As an early leader in the campaign, with a target on her back, she has faced anger and derision without wavering. The Editorial Board has tried to keep extending political cover to Christine Quinn, so that she wouldn't suffer such a steep drop in the polls.
We admire her staunch support for the city’s solid-waste management plan, which is good for the whole city but bitterly opposed in some neighborhoods. The Editorial Board picked this lousy issue to focus on, because the editors didn't want to touch the slush fund scandal.

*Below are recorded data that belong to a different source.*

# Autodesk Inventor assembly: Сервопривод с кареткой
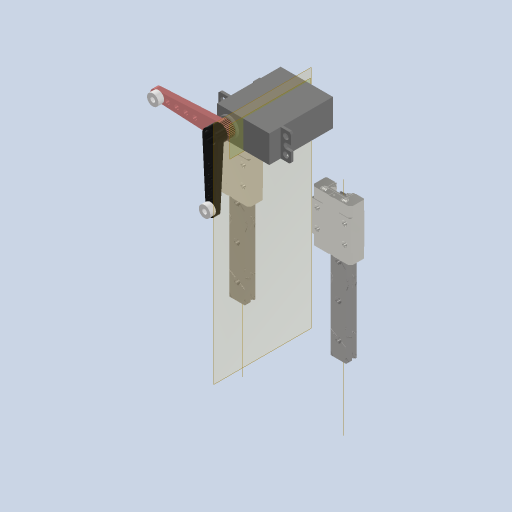
[picture p0: Inventor's stored thumbnail of the model, 512x512]
Saved by Autodesk Inventor 2024.2 (Build 282272000, 272)
## iProperties
Created: 2025-11-27
Part Number: Сервопривод с кареткой
Document SubType Name: Assembly
Designer: katya_notebook
Author: katya_notebook
## Documents named in this file (8)
- C:\Users\91125\OneDrive\Рабочий стол\alletz\3д модель\Сервопривод с кареткой.iam
- C:\Users\91125\OneDrive\Рабочий стол\alletz\3д модель\JX Servo PDI-HV2006MG\JX Servo PDI-HV2006MG.ipt
- C:\Users\91125\OneDrive\Рабочий стол\alletz\3д модель\MGN7C каретка\MGN7C каретка.ipt
- C:\Users\91125\OneDrive\Рабочий стол\alletz\3д модель\MHN7C рельса\MHN7C рельса.ipt
- C:\Users\91125\OneDrive\Рабочий стол\alletz\3д модель\крепление рельс.ipt
- C:\Users\91125\OneDrive\Рабочий стол\alletz\3д модель\крепление каретки.ipt
- C:\Users\91125\OneDrive\Рабочий стол\alletz\3д модель\25T Servo Horn Steering Arm M3.ipt
- C:\Users\91125\OneDrive\Рабочий стол\alletz\3д модель\подшипник мини.ipt
## Components (11 placed, 7 different names)
1. JX Servo PDI-HV2006MG:1 — Совмещение:1, Жесткий:1, Совмещение:5, С поворотом:2
2. MGN7C каретка:1 — Жесткий:2, Совмещение:8
3. MHN7C рельса:1 — Совмещение:2, Заподлицо:1, Совмещение:3, Совмещение:4, Жесткий:2, Совмещение:6, Совмещение:7
4. крепление рельс:1
5. крепление каретки:1
6. 25T Servo Horn Steering Arm M3:1 — Совмещение:1, Жесткий:1, С поворотом:1
7. подшипник мини:1 — С поворотом:1
8. MHN7C рельса:2 — Заподлицо:1, Совмещение:3, Совмещение:6, Совмещение:7, Жесткий:3
9. MGN7C каретка:2 — Жесткий:3, Совмещение:8
10. 25T Servo Horn Steering Arm M3:2 — С поворотом:2, С поворотом:3
11. подшипник мини:2 — С поворотом:3
## Relationships (15: Mate 8, WeldJoint 3, RevoluteJoint 3, Flush 1)
- Совмещение:1 [Mate]: JX Servo PDI-HV2006MG:1 ↔ 25T Servo Horn Steering Arm M3:1
- Жесткий:1 [WeldJoint]: JX Servo PDI-HV2006MG:1 ↔ 25T Servo Horn Steering Arm M3:1
- С поворотом:1 [RevoluteJoint]: 25T Servo Horn Steering Arm M3:1 ↔ подшипник мини:1
- Совмещение:2 [Mate]: MHN7C рельса:1
- Заподлицо:1 [Flush]: MHN7C рельса:1 ↔ MHN7C рельса:2
- Совмещение:3 [Mate] (38 mm): MHN7C рельса:1 ↔ MHN7C рельса:2
- Совмещение:4 [Mate] (22.3 mm): MHN7C рельса:1
- Совмещение:5 [Mate]: JX Servo PDI-HV2006MG:1
- Жесткий:2 [WeldJoint]: MGN7C каретка:1 ↔ MHN7C рельса:1
- Совмещение:6 [Mate]: MHN7C рельса:1 ↔ MHN7C рельса:2
- Совмещение:7 [Mate]: MHN7C рельса:1 ↔ MHN7C рельса:2
- Жесткий:3 [WeldJoint]: MHN7C рельса:2 ↔ MGN7C каретка:2
- Совмещение:8 [Mate]: MGN7C каретка:1 ↔ MGN7C каретка:2
- С поворотом:2 [RevoluteJoint]: JX Servo PDI-HV2006MG:1 ↔ 25T Servo Horn Steering Arm M3:2
- С поворотом:3 [RevoluteJoint]: 25T Servo Horn Steering Arm M3:2 ↔ подшипник мини:2
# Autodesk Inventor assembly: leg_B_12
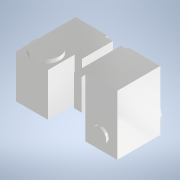
[picture p0: Inventor's stored thumbnail of the model, 180x180]
Saved by Autodesk Inventor 2020.2 (Build 242310000, 310)
## iProperties
Created: 2020-09-17
Part Number: leg_B_12
Document SubType Name: Assembly
Designer: mazzo
Author: mazzo
## Documents named in this file (2)
- D:\Documenti\università\Progetto Meccanica dei Robot\assembled in urdf\leg_B_12.iam
- D:\Documenti\università\Progetto Meccanica dei Robot\meccanica\parti autodesk\V5\Motore2.ipt
## Components (2 placed, 1 different names)
1. Motore2:1 — Coincidente:1, Allineato:1, Angolo:1, Cilindrico:1, Cilindrico:2, Coincidente:2
2. Motore2:2 — Cilindrico:1, Cilindrico:2, Coincidente:2
## Relationships (6: Mate 2, CylindricalJoint 2, Flush 1, Angle 1)
- Coincidente:1 [Mate]: Motore2:1
- Allineato:1 [Flush]: Motore2:1
- Angolo:1 [Angle] (270 deg): Motore2:1
- Cilindrico:1 [CylindricalJoint]: Motore2:1 ↔ Motore2:2
- Cilindrico:2 [CylindricalJoint]: Motore2:1 ↔ Motore2:2
- Coincidente:2 [Mate]: Motore2:1 ↔ Motore2:2
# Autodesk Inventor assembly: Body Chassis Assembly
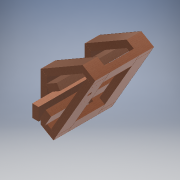
[picture p0: Inventor's stored thumbnail of the model, 180x180]
Saved by Autodesk Inventor 2017 (Build 210142000, 142)
## iProperties
Created: 2018-10-18
Part Number: Body Chassis Assembly
Document SubType Name: Assembly
Designer: Dell
Author: Dell
## Documents named in this file (7)
- C:\Users\Dell\Documents\GitHub\tr2\Body\Body Chassis Assembly.iam
- C:\Users\Dell\Documents\GitHub\tr2\Body\BO03.ipt
- C:\Users\Dell\Documents\GitHub\tr2\Body\BO14.ipt
- C:\Users\Dell\Documents\GitHub\tr2\Body\BO15.ipt
- C:\Users\Dell\Documents\GitHub\tr2\Base\BA07.ipt
- C:\Users\Dell\Documents\GitHub\tr2\Body\BO18.ipt
- C:\Users\Dell\Documents\GitHub\tr2\Body\BO19.ipt
## Components (15 placed, 6 different names)
1. BO03:2 — Mate:17, Mate:25, Flush:29, Flush:30, Flush:31, Flush:34, Flush:35, Mate:27, Mate:52
2. BO14:1 — Flush:27, Flush:28, Mate:24, Flush:31, Mate:26, Flush:32, Flush:33, Mate:50, Flush:51, Mate:51, Flush:53, Flush:58
3. BO15:1 — Mate:17, Flush:58, Mate:53
4. BO15:2 — Mate:47, Flush:55, Mate:55
5. BO15:3 — Mate:46, Flush:57, Mate:54
6. BA07:1 — Flush:27, Flush:28, Mate:24, Mate:30, Flush:39, Mate:31, Flush:52, Mate:55
7. BA07:2 — Mate:25, Flush:29, Flush:30, Mate:34, Flush:41, Mate:35, Flush:56
8. BA07:3 — Mate:26, Flush:32, Flush:33, Flush:54, Mate:53, Mate:54
9. BA07:4 — Flush:34, Flush:35, Mate:27, Mate:37
10. BO18:1 — Mate:30, Flush:39, Mate:31, Mate:32, Flush:40, Mate:33, Flush:55
11. BO18:2 — Mate:32, Flush:40, Mate:33, Flush:57
12. BO18:3 — Mate:34, Flush:41, Mate:35, Mate:36, Flush:42, Mate:47
13. BO18:4 — Mate:36, Flush:42, Mate:37, Mate:46
14. BO19:1 — Mate:50, Flush:51, Flush:52, Mate:52, Flush:56
15. BO19:2 — Mate:51, Flush:53, Flush:54
## Relationships (42: Mate 21, Flush 21)
- Mate:17: BO03:2 ↔ BO15:1
- Flush:27: BO14:1 ↔ BA07:1
- Flush:28: BO14:1 ↔ BA07:1
- Mate:24: BO14:1 ↔ BA07:1
- Mate:25: BO03:2 ↔ BA07:2
- Flush:29: BO03:2 ↔ BA07:2
- Flush:30: BO03:2 ↔ BA07:2
- Flush:31: BO03:2 ↔ BO14:1
- Mate:26: BO14:1 ↔ BA07:3
- Flush:32: BO14:1 ↔ BA07:3
- Flush:33: BO14:1 ↔ BA07:3
- Flush:34: BO03:2 ↔ BA07:4
- Flush:35: BO03:2 ↔ BA07:4
- Mate:27: BO03:2 ↔ BA07:4
- Mate:30: BA07:1 ↔ BO18:1
- Flush:39: BA07:1 ↔ BO18:1
- Mate:31: BA07:1 ↔ BO18:1
- Mate:32: BO18:1 ↔ BO18:2
- Flush:40: BO18:1 ↔ BO18:2
- Mate:33: BO18:1 ↔ BO18:2
- Mate:34: BA07:2 ↔ BO18:3
- Flush:41: BA07:2 ↔ BO18:3
- Mate:35: BA07:2 ↔ BO18:3
- Mate:36: BO18:3 ↔ BO18:4
- Flush:42: BO18:3 ↔ BO18:4
- Mate:37: BA07:4 ↔ BO18:4
- Mate:46: BO15:3 ↔ BO18:4
- Mate:47: BO15:2 ↔ BO18:3
- Mate:50: BO14:1 ↔ BO19:1
- Flush:51: BO14:1 ↔ BO19:1
- Flush:52: BA07:1 ↔ BO19:1
- Mate:51: BO14:1 ↔ BO19:2
- Flush:53: BO14:1 ↔ BO19:2
- Flush:54: BA07:3 ↔ BO19:2
- Mate:52: BO03:2 ↔ BO19:1
- Flush:55: BO15:2 ↔ BO18:1
- Flush:56: BA07:2 ↔ BO19:1
- Flush:57: BO15:3 ↔ BO18:2
- Flush:58: BO14:1 ↔ BO15:1
- Mate:53 (101.6 mm): BO15:1 ↔ BA07:3
- Mate:54 (76.2 mm): BO15:3 ↔ BA07:3
- Mate:55 (76.2 mm): BO15:2 ↔ BA07:1
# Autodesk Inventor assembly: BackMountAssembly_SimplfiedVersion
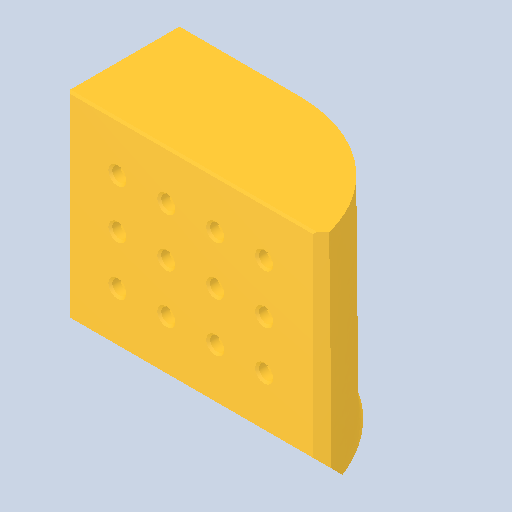
[picture p0: Inventor's stored thumbnail of the model, 512x512]
Saved by Autodesk Inventor 2022 (Build 260153000, 153)
## iProperties
Created: 2019-05-05
Part Number: BackMountAssembly_SimplfiedVersion
Document SubType Name: Assembly
Designer: lgnds
Author: lgnds
## Documents named in this file (2)
- C:\Users\lgnds\Documents\GitHub\MARV-Hardware-Mechanical\InventorProjects\FMS - Front Mounting System\FästenFörRam\BackMountAssembly_SimplfiedVersion.iam
- C:\Users\lgnds\Documents\GitHub\MARV-Hardware-Mechanical\InventorProjects\FMS - Front Mounting System\FästenFörRam\BakV4_SimplifiedVersionV2.ipt
## Components (1 placed, 1 different names)
1. BakV4_SimplifiedVersionV2:1 — Mate:1, Flush:1, Flush:2
## Relationships (3: Flush 2, Mate 1)
- Mate:1 (183 mm): BakV4_SimplifiedVersionV2:1
- Flush:1 (58 mm): BakV4_SimplifiedVersionV2:1
- Flush:2 (-45 mm): BakV4_SimplifiedVersionV2:1
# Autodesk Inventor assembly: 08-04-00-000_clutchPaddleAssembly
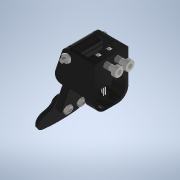
[picture p0: Inventor's stored thumbnail of the model, 180x180]
Saved by Autodesk Inventor 2020 (Build 240168000, 168)
## iProperties
Created: 2021-07-31
Part Number: 08-04-00-000_clutchPaddleAssembly
Document SubType Name: Assembly
Designer: Eric
Author: Eric
## Documents named in this file (12)
- C:\Users\Eric\Documents\repos\DIY_CAD_WheelButtonPlate\CAD\Inventor\08-04-00-000_clutchPaddleAssembly.iam
- C:\Users\Eric\Documents\repos\DIY_CAD_WheelButtonPlate\CAD\Inventor\08-04-01-002_clutchPaddleBase.ipt
- C:\Users\Eric\Documents\repos\DIY_CAD_WheelButtonPlate\CAD\Inventor\08-04-01-003_clutchPaddleLever.ipt
- C:\Users\Eric\Documents\Inventor\Content Center Files\R2020\de-DE\ISO 4032(1)\ISO 4032 - M4DIN EN.ipt
- C:\Users\Eric\Documents\Inventor\Content Center Files\R2020\de-DE\DIN 7991(2)\DIN 7991 - M3x10.ipt
- C:\Users\Eric\Documents\Inventor\Content Center Files\R2020\de-DE\ISO 4032(1)\ISO 4032 - M3DIN EN.ipt
- C:\Users\Eric\Documents\repos\DIY_CAD_WheelButtonPlate\CAD\Inventor\08-04-01-007_magnet15x3.ipt
- C:\Users\Eric\Documents\Inventor\Content Center Files\R2020\de-DE\DIN 6912\DIN 6912 - M4 x 16.ipt
- C:\Users\Eric\Documents\repos\DIY_CAD_WheelButtonPlate\CAD\Inventor\08-04-02-008_hallSensor.ipt
- C:\Users\Eric\Documents\Inventor\Content Center Files\R2020\de-DE\ISO 4762(1)\DIN EN ISO 4762 - M3 x 30.ipt
- C:\Users\Eric\Documents\repos\DIY_CAD_WheelButtonPlate\CAD\Inventor\08-04-01-006_clutchPaddle.ipt
- C:\Users\Eric\Documents\repos\DIY_CAD_WheelButtonPlate\CAD\Inventor\08-04-02-004_magnet12x3.ipt
## Components (17 placed, 11 different names)
1. 08-04-01-002_clutchPaddleBase:1 — Passend:1, Passend:2, Passend:5, Passend:26, Passend:27, Passend:33, Passend:35, Einfügen:2, Einfügen:3, Passend:36, Passend:37, Fluchtend:3, Fluchtend:4, Passend:38, Passend:39, Passend:40, Einfügen:4, Passend:41
2. 08-04-01-003_clutchPaddleLever:1 — Passend:1, Passend:2, Passend:24, Passend:25, Passend:28, Passend:29, Fluchtend:1, Fluchtend:2, Passend:31, Passend:32, Passend:41, Passend:42, Passend:45, Passend:46
3. DIN EN 24032 M3:5 — Passend:5
4. DIN 7991 M3x10:4 — Passend:22, Fluchtend:1, Passend:32, Passend:43
5. DIN 7991 M3x10:5 — Passend:23, Fluchtend:2, Passend:31, Passend:44
6. DIN EN 24032 M3:3 — Passend:23, Passend:24
7. DIN EN 24032 M3:4 — Passend:22, Passend:25
8. 08-04-01-007_magnet15x3:1 — Passend:26, Passend:27
9. 08-04-01-007_magnet15x3:2 — Passend:28, Passend:29
10. DIN 6912 M4 x 16:1 — Passend:33, Fluchtend:3
11. DIN 6912 M4 x 16:2 — Passend:35, Fluchtend:4
12. DIN EN 24032 M4:2 — Einfügen:2, Passend:36
13. DIN EN 24032 M4:3 — Einfügen:3, Passend:37
14. 08-04-02-008_hallSensor_49E:1 — Passend:38, Passend:39, Passend:40
15. DIN EN ISO 4762 M3 x 30:1 — Einfügen:4
16. 08-04-01-006_clutchPaddle:1 — Passend:42, Passend:43, Passend:44
17. 08-04-02-004_magnet12x3:1 — Passend:45, Passend:46
## Relationships (33: Mate 26, Flush 4, Insert 3)
- Passend:1 [Mate]: 08-04-01-002_clutchPaddleBase:1 ↔ 08-04-01-003_clutchPaddleLever:1
- Passend:2 [Mate] (0.4 mm): 08-04-01-002_clutchPaddleBase:1 ↔ 08-04-01-003_clutchPaddleLever:1
- Passend:5 [Mate]: 08-04-01-002_clutchPaddleBase:1 ↔ DIN EN 24032 M3:5
- Passend:22 [Mate]: DIN 7991 M3x10:4 ↔ DIN EN 24032 M3:4
- Passend:23 [Mate]: DIN 7991 M3x10:5 ↔ DIN EN 24032 M3:3
- Passend:24 [Mate]: 08-04-01-003_clutchPaddleLever:1 ↔ DIN EN 24032 M3:3
- Passend:25 [Mate]: 08-04-01-003_clutchPaddleLever:1 ↔ DIN EN 24032 M3:4
- Passend:26 [Mate]: 08-04-01-002_clutchPaddleBase:1 ↔ 08-04-01-007_magnet15x3:1
- Passend:27 [Mate]: 08-04-01-002_clutchPaddleBase:1 ↔ 08-04-01-007_magnet15x3:1
- Passend:28 [Mate]: 08-04-01-003_clutchPaddleLever:1 ↔ 08-04-01-007_magnet15x3:2
- Passend:29 [Mate]: 08-04-01-003_clutchPaddleLever:1 ↔ 08-04-01-007_magnet15x3:2
- Fluchtend:1 [Flush] (-3.1 mm): 08-04-01-003_clutchPaddleLever:1 ↔ DIN 7991 M3x10:4
- Fluchtend:2 [Flush] (-3.1 mm): 08-04-01-003_clutchPaddleLever:1 ↔ DIN 7991 M3x10:5
- Passend:31 [Mate]: 08-04-01-003_clutchPaddleLever:1 ↔ DIN 7991 M3x10:5
- Passend:32 [Mate]: 08-04-01-003_clutchPaddleLever:1 ↔ DIN 7991 M3x10:4
- Passend:33 [Mate]: 08-04-01-002_clutchPaddleBase:1 ↔ DIN 6912 M4 x 16:1
- Passend:35 [Mate]: 08-04-01-002_clutchPaddleBase:1 ↔ DIN 6912 M4 x 16:2
- Einfügen:2 [Insert]: 08-04-01-002_clutchPaddleBase:1 ↔ DIN EN 24032 M4:2
- Einfügen:3 [Insert]: 08-04-01-002_clutchPaddleBase:1 ↔ DIN EN 24032 M4:3
- Passend:36 [Mate]: 08-04-01-002_clutchPaddleBase:1 ↔ DIN EN 24032 M4:2
- Passend:37 [Mate]: 08-04-01-002_clutchPaddleBase:1 ↔ DIN EN 24032 M4:3
- Fluchtend:3 [Flush] (15 mm): 08-04-01-002_clutchPaddleBase:1 ↔ DIN 6912 M4 x 16:1
- Fluchtend:4 [Flush] (15 mm): 08-04-01-002_clutchPaddleBase:1 ↔ DIN 6912 M4 x 16:2
- Passend:38 [Mate]: 08-04-01-002_clutchPaddleBase:1 ↔ 08-04-02-008_hallSensor_49E:1
- Passend:39 [Mate]: 08-04-01-002_clutchPaddleBase:1 ↔ 08-04-02-008_hallSensor_49E:1
- Passend:40 [Mate]: 08-04-01-002_clutchPaddleBase:1 ↔ 08-04-02-008_hallSensor_49E:1
- Einfügen:4 [Insert]: 08-04-01-002_clutchPaddleBase:1 ↔ DIN EN ISO 4762 M3 x 30:1
- Passend:41 [Mate]: 08-04-01-002_clutchPaddleBase:1 ↔ 08-04-01-003_clutchPaddleLever:1
- Passend:42 [Mate]: 08-04-01-003_clutchPaddleLever:1 ↔ 08-04-01-006_clutchPaddle:1
- Passend:43 [Mate]: DIN 7991 M3x10:4 ↔ 08-04-01-006_clutchPaddle:1
- Passend:44 [Mate]: DIN 7991 M3x10:5 ↔ 08-04-01-006_clutchPaddle:1
- Passend:45 [Mate]: 08-04-01-003_clutchPaddleLever:1 ↔ 08-04-02-004_magnet12x3:1
- Passend:46 [Mate]: 08-04-01-003_clutchPaddleLever:1 ↔ 08-04-02-004_magnet12x3:1
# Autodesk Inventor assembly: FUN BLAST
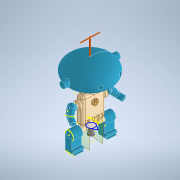
[picture p0: Inventor's stored thumbnail of the model, 180x180]
Saved by Autodesk Inventor 2021 (Build 250183000, 183)
## iProperties
Created: 2021-07-26
Part Number: FUN BLAST
Document SubType Name: Assembly
Designer: user
Author: user
## Documents named in this file (9)
- D:\FINAL ROBO\FUN BLAST.iam
- D:\FINAL ROBO\ROBO BODY PART 1.ipt
- D:\Engineering Exploration\ALL PARTS UNSCALED\toy hand part 2 - Copy.ipt
- D:\Engineering Exploration\ALL PARTS UNSCALED\toy hand part 2.ipt
- D:\FINAL ROBO\HEAD FINAL.ipt
- D:\FINAL ROBO\LEG FINAL 1.ipt
- D:\FINAL ROBO\LEG FINAL 2.ipt
- D:\FINAL ROBO\BASE ROTATING.ipt
- D:\FINAL ROBO\HEAD SHAFT #3434.ipt
## Components (8 placed, 8 different names)
1. ROBO BODY PART 1:1 — Mate:1, Rotational:8, Rotational:9, Rotational:10, Rotational:11, Rotational:12
2. HEAD FINAL:1 — Mate:1, Rotational:13
3. HEAD SHAFT #3434:1 — Rotational:13
4. BASE ROTATING:1 — Rotational:8
5. LEG FINAL 1:1 — Rotational:11
6. LEG FINAL 2:1 — Rotational:12
7. toy hand part 2 - Copy:1 — Rotational:9
8. toy hand part 2:1 — Rotational:10
## Relationships (7: RevoluteJoint 6, Mate 1)
- Mate:1: ROBO BODY PART 1:1 ↔ HEAD FINAL:1
- Rotational:8 [RevoluteJoint]: ROBO BODY PART 1:1 ↔ BASE ROTATING:1
- Rotational:9 [RevoluteJoint]: ROBO BODY PART 1:1 ↔ toy hand part 2 - Copy:1
- Rotational:10 [RevoluteJoint]: ROBO BODY PART 1:1 ↔ toy hand part 2:1
- Rotational:11 [RevoluteJoint]: ROBO BODY PART 1:1 ↔ LEG FINAL 1:1
- Rotational:12 [RevoluteJoint]: ROBO BODY PART 1:1 ↔ LEG FINAL 2:1
- Rotational:13 [RevoluteJoint]: HEAD FINAL:1 ↔ HEAD SHAFT #3434:1

She has been willing to challenge the mayor’s misjudgment and insensitivity, as when he tried to require single adults to prove their homelessness before they were allowed to use city shelters. The Editorial Board mentions the only thing Christine Quinn has done to address a small part of the homeless problem, so that the editors could keep running the façade of a "liberal newspaper."
Mr. de Blasio has been the most forceful and eloquent of the Democrats in arguing that New York needs to reset its priorities in favor of the middle class, the struggling and the poor. The there is no way that the Editorial Board could ever support a candidate that wants to help the poor.
His stature has grown as his message has taken root — voters leery of stark and growing inequalities have embraced his message of “two cities.” The Editorial Board endorsed Christine Quinn so that we could shift the campaign conversation to be about identity politics, not about income inequality.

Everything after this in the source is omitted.